++++ Supplied data ++++

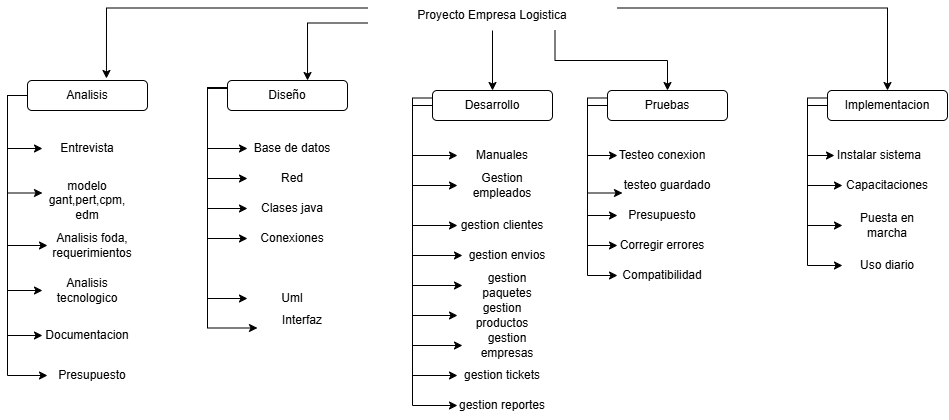

The diagram above was exported from draw.io. Its source (the exported page's mxGraphModel, read from the mxfile embedded in the PNG):
<mxGraphModel dx="1679" dy="434" grid="1" gridSize="10" guides="1" tooltips="1" connect="1" arrows="1" fold="1" page="1" pageScale="1" pageWidth="827" pageHeight="1169" math="0" shadow="0">
  <root>
    <mxCell id="0" />
    <mxCell id="1" parent="0" />
    <mxCell id="mBxlK9i6jQx_mTLfzsFV-72" edge="1" parent="1" source="mBxlK9i6jQx_mTLfzsFV-1" style="edgeStyle=orthogonalEdgeStyle;rounded=0;orthogonalLoop=1;jettySize=auto;html=1;exitX=0.5;exitY=1;exitDx=0;exitDy=0;entryX=0.5;entryY=0;entryDx=0;entryDy=0;" target="mBxlK9i6jQx_mTLfzsFV-4">
      <mxGeometry relative="1" as="geometry" />
    </mxCell>
    <mxCell id="mBxlK9i6jQx_mTLfzsFV-73" edge="1" parent="1" source="mBxlK9i6jQx_mTLfzsFV-1" style="edgeStyle=orthogonalEdgeStyle;rounded=0;orthogonalLoop=1;jettySize=auto;html=1;exitX=0.75;exitY=1;exitDx=0;exitDy=0;entryX=0.5;entryY=0;entryDx=0;entryDy=0;" target="mBxlK9i6jQx_mTLfzsFV-5">
      <mxGeometry relative="1" as="geometry" />
    </mxCell>
    <mxCell id="mBxlK9i6jQx_mTLfzsFV-74" edge="1" parent="1" source="mBxlK9i6jQx_mTLfzsFV-1" style="edgeStyle=orthogonalEdgeStyle;rounded=0;orthogonalLoop=1;jettySize=auto;html=1;exitX=1;exitY=0.25;exitDx=0;exitDy=0;entryX=0.5;entryY=0;entryDx=0;entryDy=0;" target="mBxlK9i6jQx_mTLfzsFV-6">
      <mxGeometry relative="1" as="geometry" />
    </mxCell>
    <mxCell id="mBxlK9i6jQx_mTLfzsFV-1" parent="1" style="text;html=1;whiteSpace=wrap;strokeColor=none;fillColor=none;align=center;verticalAlign=middle;rounded=0;" value="Proyecto Empresa Logistica" vertex="1">
      <mxGeometry height="30" width="250" x="270" y="110" as="geometry" />
    </mxCell>
    <mxCell id="mBxlK9i6jQx_mTLfzsFV-13" edge="1" parent="1" source="mBxlK9i6jQx_mTLfzsFV-2" style="edgeStyle=orthogonalEdgeStyle;rounded=0;orthogonalLoop=1;jettySize=auto;html=1;exitX=0;exitY=0.5;exitDx=0;exitDy=0;entryX=0;entryY=0.5;entryDx=0;entryDy=0;" target="mBxlK9i6jQx_mTLfzsFV-7">
      <mxGeometry relative="1" as="geometry" />
    </mxCell>
    <mxCell id="mBxlK9i6jQx_mTLfzsFV-14" edge="1" parent="1" source="mBxlK9i6jQx_mTLfzsFV-2" style="edgeStyle=orthogonalEdgeStyle;rounded=0;orthogonalLoop=1;jettySize=auto;html=1;exitX=0;exitY=0.5;exitDx=0;exitDy=0;entryX=0;entryY=0.25;entryDx=0;entryDy=0;" target="mBxlK9i6jQx_mTLfzsFV-8">
      <mxGeometry relative="1" as="geometry" />
    </mxCell>
    <mxCell id="mBxlK9i6jQx_mTLfzsFV-15" edge="1" parent="1" source="mBxlK9i6jQx_mTLfzsFV-2" style="edgeStyle=orthogonalEdgeStyle;rounded=0;orthogonalLoop=1;jettySize=auto;html=1;exitX=0;exitY=0.5;exitDx=0;exitDy=0;entryX=0;entryY=0.5;entryDx=0;entryDy=0;" target="mBxlK9i6jQx_mTLfzsFV-9">
      <mxGeometry relative="1" as="geometry" />
    </mxCell>
    <mxCell id="mBxlK9i6jQx_mTLfzsFV-16" edge="1" parent="1" source="mBxlK9i6jQx_mTLfzsFV-2" style="edgeStyle=orthogonalEdgeStyle;rounded=0;orthogonalLoop=1;jettySize=auto;html=1;exitX=0;exitY=0.5;exitDx=0;exitDy=0;entryX=0;entryY=0.5;entryDx=0;entryDy=0;" target="mBxlK9i6jQx_mTLfzsFV-11">
      <mxGeometry relative="1" as="geometry" />
    </mxCell>
    <mxCell id="mBxlK9i6jQx_mTLfzsFV-17" edge="1" parent="1" source="mBxlK9i6jQx_mTLfzsFV-2" style="edgeStyle=orthogonalEdgeStyle;rounded=0;orthogonalLoop=1;jettySize=auto;html=1;exitX=0;exitY=0.5;exitDx=0;exitDy=0;entryX=0;entryY=0.5;entryDx=0;entryDy=0;" target="mBxlK9i6jQx_mTLfzsFV-12">
      <mxGeometry relative="1" as="geometry" />
    </mxCell>
    <mxCell id="mBxlK9i6jQx_mTLfzsFV-54" edge="1" parent="1" source="mBxlK9i6jQx_mTLfzsFV-2" style="edgeStyle=orthogonalEdgeStyle;rounded=0;orthogonalLoop=1;jettySize=auto;html=1;exitX=0;exitY=0.5;exitDx=0;exitDy=0;entryX=0;entryY=0.5;entryDx=0;entryDy=0;" target="mBxlK9i6jQx_mTLfzsFV-53">
      <mxGeometry relative="1" as="geometry" />
    </mxCell>
    <mxCell id="mBxlK9i6jQx_mTLfzsFV-2" parent="1" style="rounded=1;whiteSpace=wrap;html=1;" value="Analisis" vertex="1">
      <mxGeometry height="30" width="120" x="-70" y="190" as="geometry" />
    </mxCell>
    <mxCell id="mBxlK9i6jQx_mTLfzsFV-26" edge="1" parent="1" source="mBxlK9i6jQx_mTLfzsFV-3" style="edgeStyle=orthogonalEdgeStyle;rounded=0;orthogonalLoop=1;jettySize=auto;html=1;exitX=0;exitY=0.25;exitDx=0;exitDy=0;entryX=0;entryY=0.5;entryDx=0;entryDy=0;" target="mBxlK9i6jQx_mTLfzsFV-18">
      <mxGeometry relative="1" as="geometry" />
    </mxCell>
    <mxCell id="mBxlK9i6jQx_mTLfzsFV-27" edge="1" parent="1" source="mBxlK9i6jQx_mTLfzsFV-3" style="edgeStyle=orthogonalEdgeStyle;rounded=0;orthogonalLoop=1;jettySize=auto;html=1;exitX=0;exitY=0.25;exitDx=0;exitDy=0;entryX=0;entryY=0.5;entryDx=0;entryDy=0;" target="mBxlK9i6jQx_mTLfzsFV-19">
      <mxGeometry relative="1" as="geometry" />
    </mxCell>
    <mxCell id="mBxlK9i6jQx_mTLfzsFV-28" edge="1" parent="1" source="mBxlK9i6jQx_mTLfzsFV-3" style="edgeStyle=orthogonalEdgeStyle;rounded=0;orthogonalLoop=1;jettySize=auto;html=1;exitX=0;exitY=0.25;exitDx=0;exitDy=0;entryX=0;entryY=0.5;entryDx=0;entryDy=0;" target="mBxlK9i6jQx_mTLfzsFV-20">
      <mxGeometry relative="1" as="geometry" />
    </mxCell>
    <mxCell id="mBxlK9i6jQx_mTLfzsFV-29" edge="1" parent="1" source="mBxlK9i6jQx_mTLfzsFV-3" style="edgeStyle=orthogonalEdgeStyle;rounded=0;orthogonalLoop=1;jettySize=auto;html=1;exitX=0;exitY=0.25;exitDx=0;exitDy=0;entryX=0;entryY=0.5;entryDx=0;entryDy=0;" target="mBxlK9i6jQx_mTLfzsFV-21">
      <mxGeometry relative="1" as="geometry" />
    </mxCell>
    <mxCell id="mBxlK9i6jQx_mTLfzsFV-31" edge="1" parent="1" source="mBxlK9i6jQx_mTLfzsFV-3" style="edgeStyle=orthogonalEdgeStyle;rounded=0;orthogonalLoop=1;jettySize=auto;html=1;exitX=0;exitY=0.25;exitDx=0;exitDy=0;entryX=0;entryY=0.5;entryDx=0;entryDy=0;" target="mBxlK9i6jQx_mTLfzsFV-23">
      <mxGeometry relative="1" as="geometry" />
    </mxCell>
    <mxCell id="mBxlK9i6jQx_mTLfzsFV-32" edge="1" parent="1" source="mBxlK9i6jQx_mTLfzsFV-3" style="edgeStyle=orthogonalEdgeStyle;rounded=0;orthogonalLoop=1;jettySize=auto;html=1;exitX=0;exitY=0.25;exitDx=0;exitDy=0;entryX=0;entryY=0.75;entryDx=0;entryDy=0;" target="mBxlK9i6jQx_mTLfzsFV-24">
      <mxGeometry relative="1" as="geometry" />
    </mxCell>
    <mxCell id="mBxlK9i6jQx_mTLfzsFV-3" parent="1" style="rounded=1;whiteSpace=wrap;html=1;" value="Diseño" vertex="1">
      <mxGeometry height="30" width="120" x="130" y="190" as="geometry" />
    </mxCell>
    <mxCell id="mBxlK9i6jQx_mTLfzsFV-41" edge="1" parent="1" source="mBxlK9i6jQx_mTLfzsFV-4" style="edgeStyle=orthogonalEdgeStyle;rounded=0;orthogonalLoop=1;jettySize=auto;html=1;exitX=0;exitY=0.5;exitDx=0;exitDy=0;entryX=0;entryY=0.5;entryDx=0;entryDy=0;" target="mBxlK9i6jQx_mTLfzsFV-22">
      <mxGeometry relative="1" as="geometry" />
    </mxCell>
    <mxCell id="mBxlK9i6jQx_mTLfzsFV-42" edge="1" parent="1" source="mBxlK9i6jQx_mTLfzsFV-4" style="edgeStyle=orthogonalEdgeStyle;rounded=0;orthogonalLoop=1;jettySize=auto;html=1;exitX=0;exitY=0.5;exitDx=0;exitDy=0;entryX=0;entryY=0.5;entryDx=0;entryDy=0;" target="mBxlK9i6jQx_mTLfzsFV-33">
      <mxGeometry relative="1" as="geometry" />
    </mxCell>
    <mxCell id="mBxlK9i6jQx_mTLfzsFV-43" edge="1" parent="1" source="mBxlK9i6jQx_mTLfzsFV-4" style="edgeStyle=orthogonalEdgeStyle;rounded=0;orthogonalLoop=1;jettySize=auto;html=1;exitX=0;exitY=0.5;exitDx=0;exitDy=0;entryX=0;entryY=0.5;entryDx=0;entryDy=0;" target="mBxlK9i6jQx_mTLfzsFV-34">
      <mxGeometry relative="1" as="geometry" />
    </mxCell>
    <mxCell id="mBxlK9i6jQx_mTLfzsFV-44" edge="1" parent="1" source="mBxlK9i6jQx_mTLfzsFV-4" style="edgeStyle=orthogonalEdgeStyle;rounded=0;orthogonalLoop=1;jettySize=auto;html=1;exitX=0;exitY=0.5;exitDx=0;exitDy=0;entryX=0;entryY=0.5;entryDx=0;entryDy=0;" target="mBxlK9i6jQx_mTLfzsFV-35">
      <mxGeometry relative="1" as="geometry" />
    </mxCell>
    <mxCell id="mBxlK9i6jQx_mTLfzsFV-45" edge="1" parent="1" source="mBxlK9i6jQx_mTLfzsFV-4" style="edgeStyle=orthogonalEdgeStyle;rounded=0;orthogonalLoop=1;jettySize=auto;html=1;exitX=0;exitY=0.5;exitDx=0;exitDy=0;entryX=0;entryY=0.5;entryDx=0;entryDy=0;" target="mBxlK9i6jQx_mTLfzsFV-36">
      <mxGeometry relative="1" as="geometry" />
    </mxCell>
    <mxCell id="mBxlK9i6jQx_mTLfzsFV-46" edge="1" parent="1" source="mBxlK9i6jQx_mTLfzsFV-4" style="edgeStyle=orthogonalEdgeStyle;rounded=0;orthogonalLoop=1;jettySize=auto;html=1;exitX=0;exitY=0.5;exitDx=0;exitDy=0;entryX=0;entryY=0.5;entryDx=0;entryDy=0;" target="mBxlK9i6jQx_mTLfzsFV-37">
      <mxGeometry relative="1" as="geometry" />
    </mxCell>
    <mxCell id="mBxlK9i6jQx_mTLfzsFV-47" edge="1" parent="1" source="mBxlK9i6jQx_mTLfzsFV-4" style="edgeStyle=orthogonalEdgeStyle;rounded=0;orthogonalLoop=1;jettySize=auto;html=1;exitX=0;exitY=0.25;exitDx=0;exitDy=0;entryX=0;entryY=0.5;entryDx=0;entryDy=0;" target="mBxlK9i6jQx_mTLfzsFV-38">
      <mxGeometry relative="1" as="geometry" />
    </mxCell>
    <mxCell id="mBxlK9i6jQx_mTLfzsFV-48" edge="1" parent="1" source="mBxlK9i6jQx_mTLfzsFV-4" style="edgeStyle=orthogonalEdgeStyle;rounded=0;orthogonalLoop=1;jettySize=auto;html=1;exitX=0;exitY=0.5;exitDx=0;exitDy=0;entryX=0;entryY=0.5;entryDx=0;entryDy=0;" target="mBxlK9i6jQx_mTLfzsFV-39">
      <mxGeometry relative="1" as="geometry" />
    </mxCell>
    <mxCell id="mBxlK9i6jQx_mTLfzsFV-49" edge="1" parent="1" source="mBxlK9i6jQx_mTLfzsFV-4" style="edgeStyle=orthogonalEdgeStyle;rounded=0;orthogonalLoop=1;jettySize=auto;html=1;exitX=0;exitY=0.5;exitDx=0;exitDy=0;entryX=0;entryY=0.5;entryDx=0;entryDy=0;" target="mBxlK9i6jQx_mTLfzsFV-40">
      <mxGeometry relative="1" as="geometry" />
    </mxCell>
    <mxCell id="mBxlK9i6jQx_mTLfzsFV-4" parent="1" style="rounded=1;whiteSpace=wrap;html=1;" value="Desarrollo" vertex="1">
      <mxGeometry height="30" width="120" x="335" y="200" as="geometry" />
    </mxCell>
    <mxCell id="mBxlK9i6jQx_mTLfzsFV-57" edge="1" parent="1" source="mBxlK9i6jQx_mTLfzsFV-5" style="edgeStyle=orthogonalEdgeStyle;rounded=0;orthogonalLoop=1;jettySize=auto;html=1;exitX=0;exitY=0.5;exitDx=0;exitDy=0;entryX=0;entryY=0.5;entryDx=0;entryDy=0;" target="mBxlK9i6jQx_mTLfzsFV-50">
      <mxGeometry relative="1" as="geometry" />
    </mxCell>
    <mxCell id="mBxlK9i6jQx_mTLfzsFV-58" edge="1" parent="1" source="mBxlK9i6jQx_mTLfzsFV-5" style="edgeStyle=orthogonalEdgeStyle;rounded=0;orthogonalLoop=1;jettySize=auto;html=1;exitX=0;exitY=0.5;exitDx=0;exitDy=0;entryX=0;entryY=0.75;entryDx=0;entryDy=0;" target="mBxlK9i6jQx_mTLfzsFV-51">
      <mxGeometry relative="1" as="geometry" />
    </mxCell>
    <mxCell id="mBxlK9i6jQx_mTLfzsFV-59" edge="1" parent="1" source="mBxlK9i6jQx_mTLfzsFV-5" style="edgeStyle=orthogonalEdgeStyle;rounded=0;orthogonalLoop=1;jettySize=auto;html=1;exitX=0;exitY=0.5;exitDx=0;exitDy=0;entryX=0;entryY=0.5;entryDx=0;entryDy=0;" target="mBxlK9i6jQx_mTLfzsFV-52">
      <mxGeometry relative="1" as="geometry" />
    </mxCell>
    <mxCell id="mBxlK9i6jQx_mTLfzsFV-60" edge="1" parent="1" source="mBxlK9i6jQx_mTLfzsFV-5" style="edgeStyle=orthogonalEdgeStyle;rounded=0;orthogonalLoop=1;jettySize=auto;html=1;exitX=0;exitY=0.25;exitDx=0;exitDy=0;entryX=0;entryY=0.5;entryDx=0;entryDy=0;" target="mBxlK9i6jQx_mTLfzsFV-55">
      <mxGeometry relative="1" as="geometry" />
    </mxCell>
    <mxCell id="mBxlK9i6jQx_mTLfzsFV-61" edge="1" parent="1" source="mBxlK9i6jQx_mTLfzsFV-5" style="edgeStyle=orthogonalEdgeStyle;rounded=0;orthogonalLoop=1;jettySize=auto;html=1;exitX=0;exitY=0.5;exitDx=0;exitDy=0;entryX=0;entryY=0.5;entryDx=0;entryDy=0;" target="mBxlK9i6jQx_mTLfzsFV-56">
      <mxGeometry relative="1" as="geometry" />
    </mxCell>
    <mxCell id="mBxlK9i6jQx_mTLfzsFV-5" parent="1" style="rounded=1;whiteSpace=wrap;html=1;" value="Pruebas" vertex="1">
      <mxGeometry height="30" width="120" x="510" y="200" as="geometry" />
    </mxCell>
    <mxCell id="mBxlK9i6jQx_mTLfzsFV-66" edge="1" parent="1" source="mBxlK9i6jQx_mTLfzsFV-6" style="edgeStyle=orthogonalEdgeStyle;rounded=0;orthogonalLoop=1;jettySize=auto;html=1;exitX=0;exitY=0.5;exitDx=0;exitDy=0;entryX=0;entryY=0.5;entryDx=0;entryDy=0;" target="mBxlK9i6jQx_mTLfzsFV-62">
      <mxGeometry relative="1" as="geometry" />
    </mxCell>
    <mxCell id="mBxlK9i6jQx_mTLfzsFV-67" edge="1" parent="1" source="mBxlK9i6jQx_mTLfzsFV-6" style="edgeStyle=orthogonalEdgeStyle;rounded=0;orthogonalLoop=1;jettySize=auto;html=1;exitX=0;exitY=0.25;exitDx=0;exitDy=0;entryX=0;entryY=0.5;entryDx=0;entryDy=0;" target="mBxlK9i6jQx_mTLfzsFV-63">
      <mxGeometry relative="1" as="geometry" />
    </mxCell>
    <mxCell id="mBxlK9i6jQx_mTLfzsFV-68" edge="1" parent="1" source="mBxlK9i6jQx_mTLfzsFV-6" style="edgeStyle=orthogonalEdgeStyle;rounded=0;orthogonalLoop=1;jettySize=auto;html=1;exitX=0;exitY=0.5;exitDx=0;exitDy=0;entryX=0;entryY=0.5;entryDx=0;entryDy=0;" target="mBxlK9i6jQx_mTLfzsFV-64">
      <mxGeometry relative="1" as="geometry" />
    </mxCell>
    <mxCell id="mBxlK9i6jQx_mTLfzsFV-69" edge="1" parent="1" source="mBxlK9i6jQx_mTLfzsFV-6" style="edgeStyle=orthogonalEdgeStyle;rounded=0;orthogonalLoop=1;jettySize=auto;html=1;exitX=0;exitY=0.5;exitDx=0;exitDy=0;entryX=0;entryY=0.5;entryDx=0;entryDy=0;" target="mBxlK9i6jQx_mTLfzsFV-65">
      <mxGeometry relative="1" as="geometry" />
    </mxCell>
    <mxCell id="mBxlK9i6jQx_mTLfzsFV-6" parent="1" style="rounded=1;whiteSpace=wrap;html=1;" value="Implementacion" vertex="1">
      <mxGeometry height="30" width="120" x="730" y="200" as="geometry" />
    </mxCell>
    <mxCell id="mBxlK9i6jQx_mTLfzsFV-7" parent="1" style="text;html=1;whiteSpace=wrap;strokeColor=none;fillColor=none;align=center;verticalAlign=middle;rounded=0;" value="Entrevista" vertex="1">
      <mxGeometry height="30" width="90" x="-55" y="243" as="geometry" />
    </mxCell>
    <mxCell id="mBxlK9i6jQx_mTLfzsFV-8" parent="1" style="text;html=1;whiteSpace=wrap;strokeColor=none;fillColor=none;align=center;verticalAlign=middle;rounded=0;" value="modelo gant,pert,cpm, edm" vertex="1">
      <mxGeometry height="30" width="90" x="-55" y="295" as="geometry" />
    </mxCell>
    <mxCell id="mBxlK9i6jQx_mTLfzsFV-9" parent="1" style="text;html=1;whiteSpace=wrap;strokeColor=none;fillColor=none;align=center;verticalAlign=middle;rounded=0;" value="Analisis foda, requerimientos" vertex="1">
      <mxGeometry height="30" width="90" x="-50" y="340" as="geometry" />
    </mxCell>
    <mxCell id="mBxlK9i6jQx_mTLfzsFV-11" parent="1" style="text;html=1;whiteSpace=wrap;strokeColor=none;fillColor=none;align=center;verticalAlign=middle;rounded=0;" value="Analisis tecnologico" vertex="1">
      <mxGeometry height="30" width="90" x="-55" y="385" as="geometry" />
    </mxCell>
    <mxCell id="mBxlK9i6jQx_mTLfzsFV-12" parent="1" style="text;html=1;whiteSpace=wrap;strokeColor=none;fillColor=none;align=center;verticalAlign=middle;rounded=0;" value="Documentacion" vertex="1">
      <mxGeometry height="30" width="90" x="-55" y="430" as="geometry" />
    </mxCell>
    <mxCell id="mBxlK9i6jQx_mTLfzsFV-18" parent="1" style="text;html=1;whiteSpace=wrap;strokeColor=none;fillColor=none;align=center;verticalAlign=middle;rounded=0;" value="Base de datos" vertex="1">
      <mxGeometry height="30" width="90" x="150" y="243" as="geometry" />
    </mxCell>
    <mxCell id="mBxlK9i6jQx_mTLfzsFV-19" parent="1" style="text;html=1;whiteSpace=wrap;strokeColor=none;fillColor=none;align=center;verticalAlign=middle;rounded=0;" value="Red" vertex="1">
      <mxGeometry height="30" width="90" x="150" y="273" as="geometry" />
    </mxCell>
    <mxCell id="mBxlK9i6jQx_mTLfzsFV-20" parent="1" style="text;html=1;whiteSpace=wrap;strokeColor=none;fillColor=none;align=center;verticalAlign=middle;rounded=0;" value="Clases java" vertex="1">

++++

▶ **Directions**
Please filter the entries above down to the lines holding "Analisis" and copy them.

▶ **Response to the exercise**
    <mxCell id="mBxlK9i6jQx_mTLfzsFV-2" parent="1" style="rounded=1;whiteSpace=wrap;html=1;" value="Analisis" vertex="1">
    <mxCell id="mBxlK9i6jQx_mTLfzsFV-9" parent="1" style="text;html=1;whiteSpace=wrap;strokeColor=none;fillColor=none;align=center;verticalAlign=middle;rounded=0;" value="Analisis foda, requerimientos" vertex="1">
    <mxCell id="mBxlK9i6jQx_mTLfzsFV-11" parent="1" style="text;html=1;whiteSpace=wrap;strokeColor=none;fillColor=none;align=center;verticalAlign=middle;rounded=0;" value="Analisis tecnologico" vertex="1">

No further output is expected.